Effect of Land Use and Groundwater Flow Path on Submarine Groundwater Discharge Nutrient Flux

Abstract

Fertilized agricultural lands, wastewater injection, and areas with high septic system and cesspool density each have potential to contribute excess nutrients to coastal waters of Maui via submarine groundwater discharge (SGD). We investigated the connection between such land uses and coastal waters and quantified their respective impacts around the island of Maui, Hawai‘i using a numerical groundwater model, O isotopic composition of H2O, and N and O isotopic compositions of dissolved nitrate to identify the groundwater pathways, recharge elevations, and nitrate sources. Fresh and total SGD rates and nutrient fluxes were quantified using 222Rn mass balance modeling. Low nitrate + nitrite (N+N) SGD fluxes (24 moles/d) were measured where groundwater flowed beneath primarily undeveloped land on transit to the coast.
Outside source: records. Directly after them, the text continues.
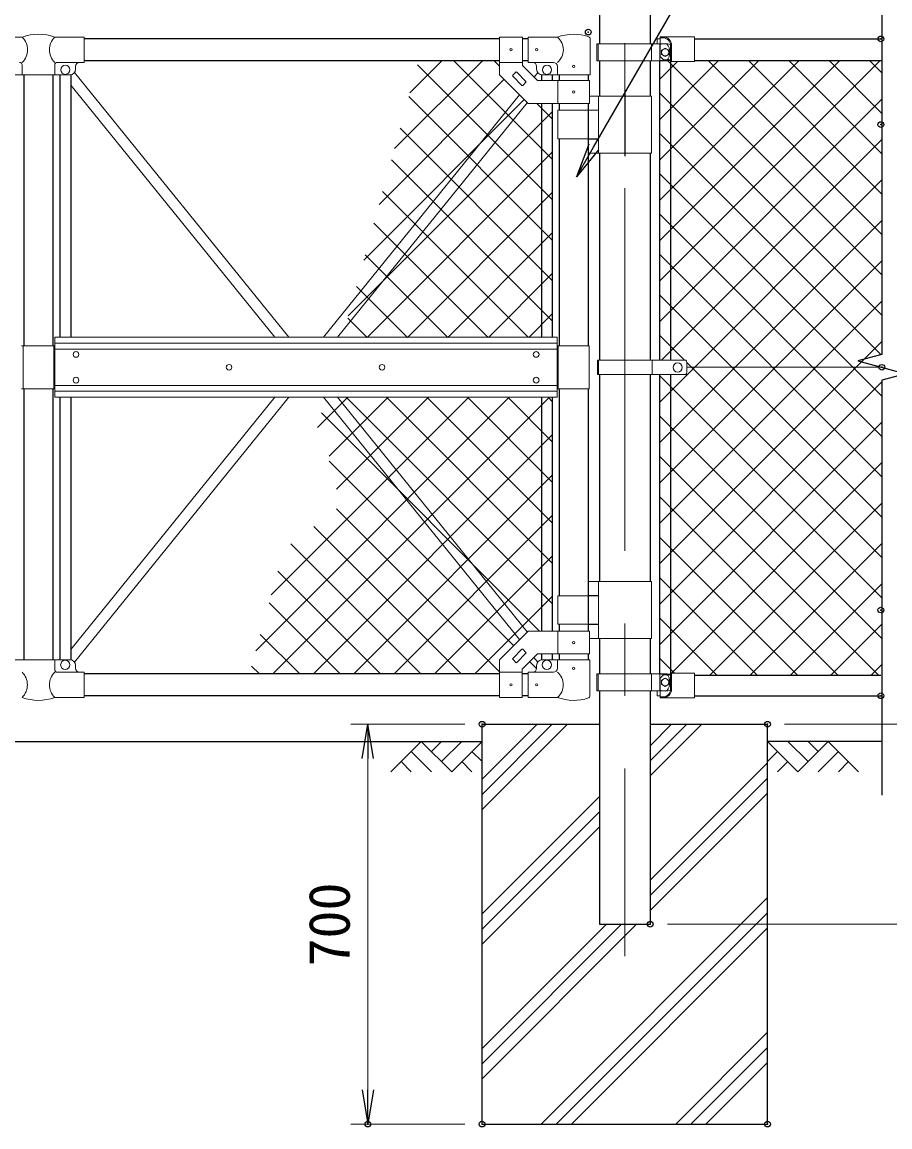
# Model space of a CAD drawing. Units: millimetres, scale not verified. Extents: x -6300 to 6300, y -4455 to 4455.
# Drawn here: x -1512 to 9, y -2309 to -374 of the extents above; entities that cross this region are included whole.
import ezdxf
from ezdxf.enums import TextEntityAlignment as Align

# ---------------------------------------------------------------- set-up
doc = ezdxf.new("R2010")
doc.units = ezdxf.units.MM
doc.header["$LTSCALE"] = 20
doc.header["$PDMODE"] = 32
doc.header["$PDSIZE"] = 10
doc.linetypes.add('USER1', pattern=[50.8, 31.75, -6.35, 6.35, -6.35])
for name, color, linetype, lineweight in [('0-2_D-STR3', 3, 'Continuous', 13), ('0-3_D-STR1', 1, 'Continuous', 25), ('0-4_D-BMK', 2, 'USER1', 13), ('0-5_2網', 2, 'Continuous', 25), ('0-6_D-STR4', 7, 'Continuous', 25), ('0-7_D-BGD', 7, 'Continuous', 25), ('0-8_D-DCR-HCH', 7, 'Continuous', 13), ('0-9_D-STR-DIM', 7, 'Continuous', 13), ('0-D_D-STR2', 7, 'Continuous', 13), ('1-1_1部材', 7, 'Continuous', 25)]:
    doc.layers.add(name, color=color, linetype=linetype, lineweight=lineweight)
doc.layers.add('0-A_0', color=7, linetype='Continuous')
doc.layers.add('0-B_Defpoints', color=7, linetype='Continuous')
doc.styles.add('ＭＳ ゴシック', font='')
doc.styles.get('ＭＳ ゴシック').set_extended_font_data('MS Gothic')

# ---------------------------------------------------------------- blocks, each defined once
blk = doc.blocks.new('_Open')
at = {"layer": '0-A_0'}
blk.add_line((-20, 3.333), (0, 0), dxfattribs=at)
blk.add_lwpolyline([(-20, -3.333), (0, 0), (-20, 0)], dxfattribs=at)
blk = doc.blocks.new('MLeader2')
at = {"layer": '1-1_1部材'}
blk.add_line((-501.77, -598.38), (-540.43, -645.34), dxfattribs=at)
for points in [[(-510.43, -593.38), (-280.56, -195.24), (426.22, -195.24), (437.02, -195.24)], [(-519.09, -588.38), (-540.43, -645.34), (-510.43, -593.38)]]:
    blk.add_lwpolyline(points, dxfattribs=at)

msp = doc.modelspace()

# ---------------------------------------------------------------- linework, layer by layer
at = {"layer": '0-2_D-STR3'}
for p, q in [((-1511.44, -400.93), (-1562.89, -400.93)), ((-1402.89, -400.93), (-1454.34, -400.93)), ((-1402.89, -400.93), (-1402.89, -444.93)), ((-635.29, -400.68), (-675.29, -400.68)), ((-675.29, -400.68), (-675.29, -466.93)), ((-635.29, -400.68), (-635.29, -450.36)), ((-625.29, -400.93), (-625.29, -444.93)), ((-625.29, -400.93), (-573.84, -400.93)), ((-516.74, -466.93), (-516.74, -403.24)), ((-399.29, -403.69), (-394.04, -403.69)), ((-399.29, -403.69), (-399.29, -412.29)), ((-394.04, -400.29), (-334.04, -400.29)), ((-394.04, -400.29), (-394.04, -434.59)), ((-389.04, -401.89), (-394.04, -401.89)), ((-334.04, -400.29), (-334.04, -443.29)), ((-382.04, -412.29), (-505.04, -412.29)), ((-505.04, -442.29), (-505.04, -412.29)), ((-502.74, -442.29), (-502.74, -412.29)), ((-409.04, -442.29), (-409.04, -412.29)), ((-394.58, -441.69), (-394.58, -413.48)), ((-391.38, -423.85), (-385.08, -420.21)), ((-391.38, -431.12), (-391.38, -423.85)), ((-378.78, -423.85), (-385.08, -420.21)), ((-378.78, -431.12), (-378.78, -423.85)), ((-375.64, -415.29), (-375.64, -443.29)), ((-374.04, -415.29), (-374.04, -443.29)), ((-382.04, -442.29), (-505.04, -442.29)), ((-394.58, -441.69), (-375.58, -441.69)), ((-388.34, -440.29), (-394.04, -434.59)), ((-391.38, -431.12), (-385.08, -434.76)), ((-388.34, -440.29), (-375.58, -440.29)), ((-378.78, -431.12), (-385.08, -434.76)), ((-375.58, -443.29), (-334.04, -443.29)), ((-1511.44, -449.63), (-1511.44, -466.93)), ((-1454.34, -449.63), (-1454.34, -466.93)), ((-1402.89, -444.93), (-1449.64, -444.93)), ((-1419.76, -462.76), (-1044.37, -926.38)), ((-1417.89, -451.93), (-1417.89, -456.93)), ((-635.29, -445.18), (-675.29, -445.18)), ((-646.6, -461.96), (-652.26, -467.62)), ((-628.92, -478.22), (-645.19, -461.96)), ((-608.72, -476.93), (-635.29, -450.36)), ((-625.29, -444.93), (-580.84, -444.93)), ((-608.42, -462.76), (-614.89, -470.76)), ((-610.29, -451.93), (-610.29, -456.93)), ((-573.84, -466.93), (-573.84, -451.93)), ((-1427.89, -466.93), (-1537.89, -466.93)), ((-625.29, -516.93), (-675.29, -466.93)), ((-635.99, -485.3), (-652.26, -469.03)), ((-628.92, -479.64), (-634.58, -485.3)), ((-517.59, -476.93), (-608.72, -476.93)), ((-573.84, -466.93), (-600.29, -466.93)), ((-516.74, -466.93), (-573.84, -466.93)), ((-572.99, -476.93), (-572.99, -516.93)), ((-517.59, -476.93), (-517.59, -516.93)), ((-1426.39, -484.76), (-1068.82, -926.38)), ((-640.2, -502.02), (-983.8, -926.38)), ((-626.69, -515.52), (-959.36, -926.38)), ((-517.59, -516.93), (-625.29, -516.93)), ((-409.04, -503.88), (-517.59, -503.88)), ((-502, -503.88), (-502, -603.88)), ((-409.04, -503.88), (-409.04, -603.88)), ((-572.99, -528.88), (-572.99, -578.88)), ((-572.99, -528.88), (-502, -528.88)), ((-502, -528.38), (-519.89, -528.38)), ((-572.99, -578.88), (-502, -578.88)), ((-502, -579.38), (-519.89, -579.38)), ((-409.04, -603.88), (-519.89, -603.88)), ((-574.09, -926.38), (-1454.09, -926.38)), ((-1454.09, -926.38), (-1454.09, -1031.38)), ((-574.09, -926.38), (-574.09, -1031.38)), ((-1512.54, -941.38), (-1454.09, -941.38)), ((-1509.69, -941.38), (-1509.69, -1016.38)), ((-1456.09, -941.38), (-1456.09, -1016.38)), ((-574.09, -936.88), (-1454.09, -936.88)), ((-574.09, -946.88), (-1454.09, -946.88)), ((-518.29, -941.38), (-574.09, -941.38)), ((-572.29, -941.38), (-572.29, -1016.38)), ((-518.29, -941.38), (-518.29, -1016.38)), ((-503.94, -966.38), (-349.15, -966.38)), ((-503.94, -991.38), (-503.94, -966.38)), ((-501.64, -991.38), (-501.64, -966.38)), ((-407.84, -991.38), (-407.84, -966.38)), ((-347.15, -970.38), (-347.15, -987.38)), ((-347.15, -978.88), (-5.62, -978.88)), ((-503.94, -991.38), (-349.15, -991.38)), ((-1512.54, -1016.38), (-1454.09, -1016.38)), ((-574.09, -1010.88), (-1454.09, -1010.88)), ((-574.09, -1020.88), (-1454.09, -1020.88)), ((-518.29, -1016.38), (-574.09, -1016.38)), ((-574.09, -1031.38), (-1454.09, -1031.38)), ((-1068.82, -1031.38), (-1426.39, -1473)), ((-1044.37, -1031.38), (-1419.76, -1495.01)), ((-983.8, -1031.38), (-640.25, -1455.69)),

By contrast, sugarcane and pineapple fields discharge the largest amount of N to coastal waters via SGD of any land use type (4900 moles/d), and despite the much smaller freshwater SGD flux these rates are substantially larger than N fluxes from the State's largest rivers (avg. 700 moles/d). Septic systems, cesspools, and near coast wastewater injection wells also contribute N+N to groundwater and coastal waters, though in much smaller quantities. This study demonstrates that numerical groundwater modeling combined with geochemical modeling can be used to determine sources and flux of nutrients in SGD and provides a unique, original, and practical framework for studying the effect of land use and its impact on nutrient delivery to coastal waters.